As noted above, the choice of algorithm to use in calculating the best-fitting line reflects a decision regarding which variable is independent and which is dependent. In Ressler et al. the variables in the three scatter plots are: severity of post-traumatic stress disorder (PTSD) symptoms vs. serum concentration of pituitary adenylate cyclase activating polypeptide (PACAP, also known as ADCYAP1; Figure 2A); severity of PTSD symptoms vs. PACAP receptor gene methylation (also known as ADCYAP1R; Figure 2B); and abundance of PACAP receptor mRNA in the cerebral cortex vs. abundance of PACAP mRNA in the cerebral cortex (Figure 2C). In this example, as in many biological systems, the cause and effect relationships between the variables are likely to be complex. For example, while it is possible that PACAP secretion may alter the severity of PTSD symptoms, it is also possible that stress associated with PTSD may alter PACAP secretion. Furthermore, it is possible that these two variables may have no direct cause-and-effect relationship, and that changes in neural circuitry alter stress level and PACAP secretion by distinct mechanisms. A similar argument can be applied to the other pairs of variables.

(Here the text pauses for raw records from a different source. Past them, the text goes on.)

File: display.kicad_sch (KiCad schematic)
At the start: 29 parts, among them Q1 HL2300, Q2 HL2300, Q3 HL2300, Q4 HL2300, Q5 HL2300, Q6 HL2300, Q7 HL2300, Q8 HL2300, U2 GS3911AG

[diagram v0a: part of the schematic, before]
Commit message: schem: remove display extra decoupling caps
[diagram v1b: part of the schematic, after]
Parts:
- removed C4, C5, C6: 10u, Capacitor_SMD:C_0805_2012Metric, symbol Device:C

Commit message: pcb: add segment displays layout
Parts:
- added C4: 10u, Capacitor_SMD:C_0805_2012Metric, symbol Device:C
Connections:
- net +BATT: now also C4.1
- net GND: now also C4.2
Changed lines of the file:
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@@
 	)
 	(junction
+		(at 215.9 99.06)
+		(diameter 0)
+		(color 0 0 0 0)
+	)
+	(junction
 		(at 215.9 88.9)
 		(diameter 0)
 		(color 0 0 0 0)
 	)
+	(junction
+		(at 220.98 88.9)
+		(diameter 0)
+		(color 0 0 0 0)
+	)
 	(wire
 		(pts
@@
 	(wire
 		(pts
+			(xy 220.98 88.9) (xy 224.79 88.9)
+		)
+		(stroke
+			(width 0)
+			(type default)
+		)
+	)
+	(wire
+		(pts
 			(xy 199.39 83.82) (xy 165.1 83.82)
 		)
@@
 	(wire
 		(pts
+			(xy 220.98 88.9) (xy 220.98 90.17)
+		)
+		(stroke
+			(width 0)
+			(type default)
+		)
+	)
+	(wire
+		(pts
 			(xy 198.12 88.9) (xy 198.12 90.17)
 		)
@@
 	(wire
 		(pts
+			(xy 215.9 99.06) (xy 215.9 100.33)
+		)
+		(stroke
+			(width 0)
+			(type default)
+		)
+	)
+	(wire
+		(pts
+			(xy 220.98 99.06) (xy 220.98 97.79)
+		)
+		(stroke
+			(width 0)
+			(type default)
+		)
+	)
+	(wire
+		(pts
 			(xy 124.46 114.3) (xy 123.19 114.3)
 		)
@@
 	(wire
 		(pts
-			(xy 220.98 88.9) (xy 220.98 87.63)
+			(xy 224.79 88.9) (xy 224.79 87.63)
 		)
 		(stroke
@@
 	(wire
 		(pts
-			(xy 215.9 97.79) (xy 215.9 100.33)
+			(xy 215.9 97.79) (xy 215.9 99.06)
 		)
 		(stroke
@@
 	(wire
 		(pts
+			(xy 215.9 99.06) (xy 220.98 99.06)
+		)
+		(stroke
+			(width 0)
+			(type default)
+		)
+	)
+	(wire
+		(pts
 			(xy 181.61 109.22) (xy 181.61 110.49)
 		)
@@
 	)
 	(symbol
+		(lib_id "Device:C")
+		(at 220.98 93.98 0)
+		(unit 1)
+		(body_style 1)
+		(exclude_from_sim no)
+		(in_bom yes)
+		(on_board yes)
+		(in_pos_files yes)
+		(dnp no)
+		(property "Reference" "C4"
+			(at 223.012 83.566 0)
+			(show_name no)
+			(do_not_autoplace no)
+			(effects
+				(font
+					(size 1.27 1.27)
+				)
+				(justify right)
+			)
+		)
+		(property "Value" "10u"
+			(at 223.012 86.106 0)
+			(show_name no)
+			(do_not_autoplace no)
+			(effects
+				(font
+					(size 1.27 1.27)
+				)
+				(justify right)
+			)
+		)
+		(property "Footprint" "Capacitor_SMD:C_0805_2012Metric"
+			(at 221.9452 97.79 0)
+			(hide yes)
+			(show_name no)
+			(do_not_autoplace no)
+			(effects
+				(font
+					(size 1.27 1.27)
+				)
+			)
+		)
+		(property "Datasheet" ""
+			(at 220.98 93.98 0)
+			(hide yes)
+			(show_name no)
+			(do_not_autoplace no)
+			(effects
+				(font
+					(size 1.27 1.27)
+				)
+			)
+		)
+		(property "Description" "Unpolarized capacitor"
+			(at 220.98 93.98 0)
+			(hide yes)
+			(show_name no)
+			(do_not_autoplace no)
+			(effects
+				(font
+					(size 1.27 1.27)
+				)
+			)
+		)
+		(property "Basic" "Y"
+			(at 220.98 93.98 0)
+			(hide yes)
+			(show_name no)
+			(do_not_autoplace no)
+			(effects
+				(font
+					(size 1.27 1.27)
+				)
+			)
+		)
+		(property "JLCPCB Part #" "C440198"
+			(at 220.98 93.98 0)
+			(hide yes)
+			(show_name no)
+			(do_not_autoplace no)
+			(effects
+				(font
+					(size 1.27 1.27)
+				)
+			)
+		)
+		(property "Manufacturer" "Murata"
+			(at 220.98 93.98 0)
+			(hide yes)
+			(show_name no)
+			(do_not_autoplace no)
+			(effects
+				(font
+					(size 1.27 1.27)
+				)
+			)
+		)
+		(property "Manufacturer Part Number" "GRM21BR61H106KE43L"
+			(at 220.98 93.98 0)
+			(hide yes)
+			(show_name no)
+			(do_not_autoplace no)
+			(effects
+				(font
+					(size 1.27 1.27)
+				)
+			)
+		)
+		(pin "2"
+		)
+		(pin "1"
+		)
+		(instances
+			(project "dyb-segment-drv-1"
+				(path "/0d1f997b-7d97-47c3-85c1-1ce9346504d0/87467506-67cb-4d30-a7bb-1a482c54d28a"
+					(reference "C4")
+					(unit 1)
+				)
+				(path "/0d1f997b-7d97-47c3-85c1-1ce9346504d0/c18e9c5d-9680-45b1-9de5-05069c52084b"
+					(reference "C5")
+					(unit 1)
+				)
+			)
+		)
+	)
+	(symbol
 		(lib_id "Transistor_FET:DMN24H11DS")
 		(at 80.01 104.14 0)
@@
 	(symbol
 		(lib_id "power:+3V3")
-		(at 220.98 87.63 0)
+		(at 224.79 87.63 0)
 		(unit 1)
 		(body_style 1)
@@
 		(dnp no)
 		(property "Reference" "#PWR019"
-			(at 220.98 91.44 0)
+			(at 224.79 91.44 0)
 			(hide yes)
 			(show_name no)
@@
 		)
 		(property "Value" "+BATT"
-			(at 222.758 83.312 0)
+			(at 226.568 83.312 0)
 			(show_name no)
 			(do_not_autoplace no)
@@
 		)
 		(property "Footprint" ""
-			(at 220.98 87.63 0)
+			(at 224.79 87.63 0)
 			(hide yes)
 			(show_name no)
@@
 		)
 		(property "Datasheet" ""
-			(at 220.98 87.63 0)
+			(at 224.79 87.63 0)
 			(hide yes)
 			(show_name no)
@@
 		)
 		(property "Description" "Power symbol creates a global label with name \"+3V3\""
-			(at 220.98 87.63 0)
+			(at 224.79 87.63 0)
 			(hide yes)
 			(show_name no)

Visual inspection of Figure 2 shows that the individual regression lines for y on x (green) or x on y (blue) do not fully capture the trend in the data points within any of the scatter plots. Plotting both regression lines gives a fuller picture of the data, and comparing their slopes provides a simple graphical assessment of the correlation coefficient. Plotting the orthogonal regression line (red) provides additional information because it makes no assumptions about the dependence or independence of the variables; as such, it appears to more accurately describe the trend in the data compared to either of the ordinary least squares regression lines.

## Conclusion

The ordinary least squares method is well suited to the analysis of data sets in which one variable influences or predicts the value of a second variable. In biological systems, where causal relationships between variables are often complex, deciding that one variable depends on the other may be somewhat arbitrary. Moreover, even when a causal chain appears to be well established mechanistically, feedback regulation at the molecular, cellular or organ system level can undermine simple models of dependence and independence. Therefore, we would like to suggest that unless the data analysis calls exclusively for a regression of y on x (or x on y), scatter plots should be presented with three best-fitting lines–calculated with horizontal, vertical and perpendicular residuals–to facilitate a more balanced assessment of trends in the data. Given the ubiquity of the ordinary least squares method in the analysis of two-dimensional scatter plots, this small change in the standard approach to data presentation should prove useful across the full range of biomedical sciences.

## Acknowledgements

We thank Kerry Ressler for generously providing us with his data sets and for giving us permission to re-analyze his data.